- [Data in this exercise]:
▬▬▬▬▬▬▬▬▬▬
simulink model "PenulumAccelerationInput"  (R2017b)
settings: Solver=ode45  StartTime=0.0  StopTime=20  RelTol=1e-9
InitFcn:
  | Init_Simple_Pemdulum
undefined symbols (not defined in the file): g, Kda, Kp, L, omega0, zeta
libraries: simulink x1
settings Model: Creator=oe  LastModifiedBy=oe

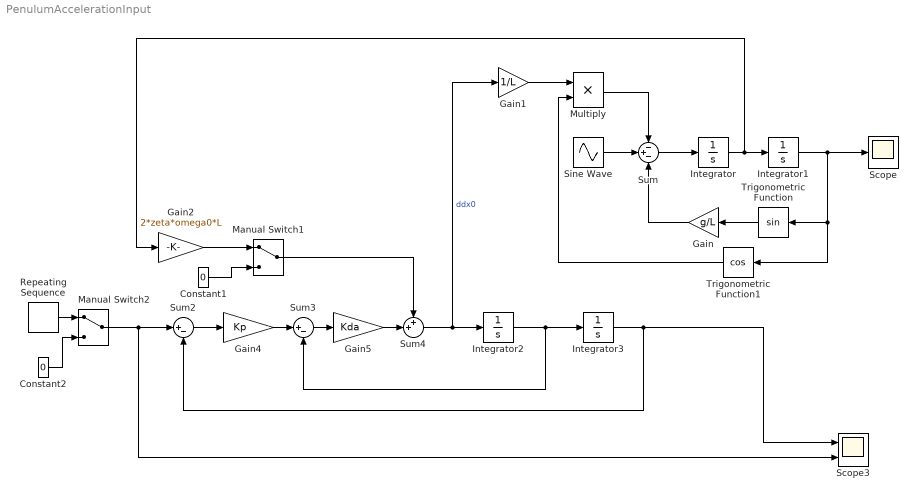
== system PenulumAccelerationInput ==
  Constant1 : Constant  Value=0
  Constant2 : Constant  Value=0
  Gain : Gain  Gain=g/L
  Gain1 : Gain  Gain=1/L
  Gain2 : Gain  Gain=2*zeta*omega0*L
  Gain4 : Gain  Gain=Kp
  Gain5 : Gain  Gain=Kda
  Integrator : Integrator
  Integrator1 : Integrator  InitialCondition=0.1
  Integrator2 : Integrator
  Integrator3 : Integrator
  Manual Switch1 : ManualSwitch
  Manual Switch2 : ManualSwitch
  Multiply : Product  Inputs=**
  Repeating Sequence : simulink/Sources/Repeating Sequence  rep_seq_t=[0 5 10 15 20]  rep_seq_y=[-0.5 0.5 -0.5 0.5 -0.5]
  Scope : Scope
  Scope3 : Scope  NumInputPorts=2
  Sine Wave : Sin  Amplitude=0  SampleTime=0
  Sum : Sum  Inputs=-+-
  Sum2 : Sum  Inputs=|+-
  Sum3 : Sum  Inputs=|+-
  Sum4 : Sum  Inputs=++|
  Trigonometric Function : Trigonometry
  Trigonometric Function1 : Trigonometry  Operator=cos
  wires:
  Integrator/1 -> Gain2/1, Integrator1/1
  Integrator1/1 -> Trigonometric Function1/1, Trigonometric Function/1, Scope/1
  Trigonometric Function/1 -> Gain/1
  Sum/1 -> Integrator/1
  Trigonometric Function1/1 -> Multiply/2
  Gain1/1 -> Multiply/1
  Multiply/1 -> Sum/1
  Gain/1 -> Sum/3
  Sine Wave/1 -> Sum/2
  Integrator2/1 -> Sum3/2, Integrator3/1
  Integrator3/1 -> Sum2/2, Scope3/1
  Sum2/1 -> Gain4/1
  Gain2/1 -> Manual Switch1/1
  Constant1/1 -> Manual Switch1/2
  Repeating Sequence/1 -> Manual Switch2/1
  Manual Switch2/1 -> Scope3/2, Sum2/1
  Constant2/1 -> Manual Switch2/2
  Gain4/1 -> Sum3/1
  Sum3/1 -> Gain5/1
  Manual Switch1/1 -> Sum4/1
  Gain5/1 -> Sum4/2
  Sum4/1 -> Gain1/1, Integrator2/1  "ddx0"
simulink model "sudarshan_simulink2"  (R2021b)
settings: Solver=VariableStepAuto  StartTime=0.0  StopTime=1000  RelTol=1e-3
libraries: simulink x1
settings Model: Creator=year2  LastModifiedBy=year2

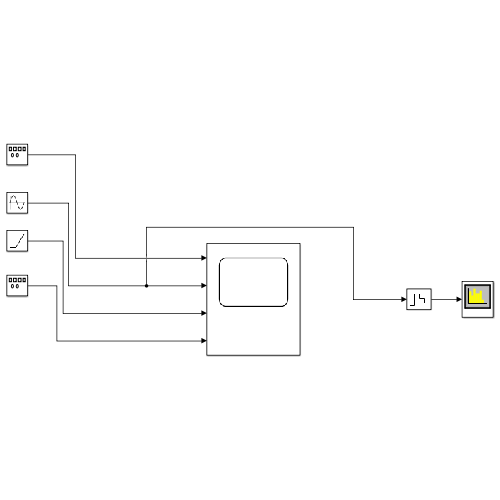
[thumbnail: Simulink's stored preview of the top-level diagram]
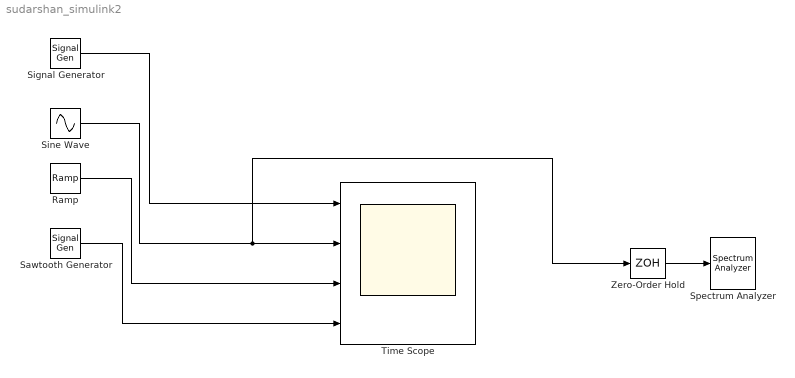
== system sudarshan_simulink2 ==
  Ramp : simulink/Sources/Ramp  slope=1  start=0  InitialOutput=0
  Sawtooth Generator : SignalGenerator  WaveForm=sawtooth  Units=rad/sec
  Signal Generator : SignalGenerator  Units=rad/sec
  Sine Wave : Sin  Frequency=100  SampleTime=0
  Spectrum Analyzer : SpectrumAnalyzer
  Time Scope : Scope  NumInputPorts=4
  Zero-Order Hold : ZeroOrderHold  SampleTime=-1
  wires:
  Signal Generator/1 -> Time Scope/1
  Zero-Order Hold/1 -> Spectrum Analyzer/1
  Sine Wave/1 -> Zero-Order Hold/1, Time Scope/2
  Ramp/1 -> Time Scope/3
  Sawtooth Generator/1 -> Time Scope/4
▬▬▬▬▬▬▬▬▬▬
- [What this task involves]:
Please print the entire listing again exactly, minus its images.

- [Response]:
simulink model "PenulumAccelerationInput"  (R2017b)
settings: Solver=ode45  StartTime=0.0  StopTime=20  RelTol=1e-9
InitFcn:
  | Init_Simple_Pemdulum
undefined symbols (not defined in the file): g, Kda, Kp, L, omega0, zeta
libraries: simulink x1
settings Model: Creator=oe  LastModifiedBy=oe

== system PenulumAccelerationInput ==
  Constant1 : Constant  Value=0
  Constant2 : Constant  Value=0
  Gain : Gain  Gain=g/L
  Gain1 : Gain  Gain=1/L
  Gain2 : Gain  Gain=2*zeta*omega0*L
  Gain4 : Gain  Gain=Kp
  Gain5 : Gain  Gain=Kda
  Integrator : Integrator
  Integrator1 : Integrator  InitialCondition=0.1
  Integrator2 : Integrator
  Integrator3 : Integrator
  Manual Switch1 : ManualSwitch
  Manual Switch2 : ManualSwitch
  Multiply : Product  Inputs=**
  Repeating Sequence : simulink/Sources/Repeating Sequence  rep_seq_t=[0 5 10 15 20]  rep_seq_y=[-0.5 0.5 -0.5 0.5 -0.5]
  Scope : Scope
  Scope3 : Scope  NumInputPorts=2
  Sine Wave : Sin  Amplitude=0  SampleTime=0
  Sum : Sum  Inputs=-+-
  Sum2 : Sum  Inputs=|+-
  Sum3 : Sum  Inputs=|+-
  Sum4 : Sum  Inputs=++|
  Trigonometric Function : Trigonometry
  Trigonometric Function1 : Trigonometry  Operator=cos
  wires:
  Integrator/1 -> Gain2/1, Integrator1/1
  Integrator1/1 -> Trigonometric Function1/1, Trigonometric Function/1, Scope/1
  Trigonometric Function/1 -> Gain/1
  Sum/1 -> Integrator/1
  Trigonometric Function1/1 -> Multiply/2
  Gain1/1 -> Multiply/1
  Multiply/1 -> Sum/1
  Gain/1 -> Sum/3
  Sine Wave/1 -> Sum/2
  Integrator2/1 -> Sum3/2, Integrator3/1
  Integrator3/1 -> Sum2/2, Scope3/1
  Sum2/1 -> Gain4/1
  Gain2/1 -> Manual Switch1/1
  Constant1/1 -> Manual Switch1/2
  Repeating Sequence/1 -> Manual Switch2/1
  Manual Switch2/1 -> Scope3/2, Sum2/1
  Constant2/1 -> Manual Switch2/2
  Gain4/1 -> Sum3/1
  Sum3/1 -> Gain5/1
  Manual Switch1/1 -> Sum4/1
  Gain5/1 -> Sum4/2
  Sum4/1 -> Gain1/1, Integrator2/1  "ddx0"
simulink model "sudarshan_simulink2"  (R2021b)
settings: Solver=VariableStepAuto  StartTime=0.0  StopTime=1000  RelTol=1e-3
libraries: simulink x1
settings Model: Creator=year2  LastModifiedBy=year2

[thumbnail: Simulink's stored preview of the top-level diagram]
== system sudarshan_simulink2 ==
  Ramp : simulink/Sources/Ramp  slope=1  start=0  InitialOutput=0
  Sawtooth Generator : SignalGenerator  WaveForm=sawtooth  Units=rad/sec
  Signal Generator : SignalGenerator  Units=rad/sec
  Sine Wave : Sin  Frequency=100  SampleTime=0
  Spectrum Analyzer : SpectrumAnalyzer
  Time Scope : Scope  NumInputPorts=4
  Zero-Order Hold : ZeroOrderHold  SampleTime=-1
  wires:
  Signal Generator/1 -> Time Scope/1
  Zero-Order Hold/1 -> Spectrum Analyzer/1
  Sine Wave/1 -> Zero-Order Hold/1, Time Scope/2
  Ramp/1 -> Time Scope/3
  Sawtooth Generator/1 -> Time Scope/4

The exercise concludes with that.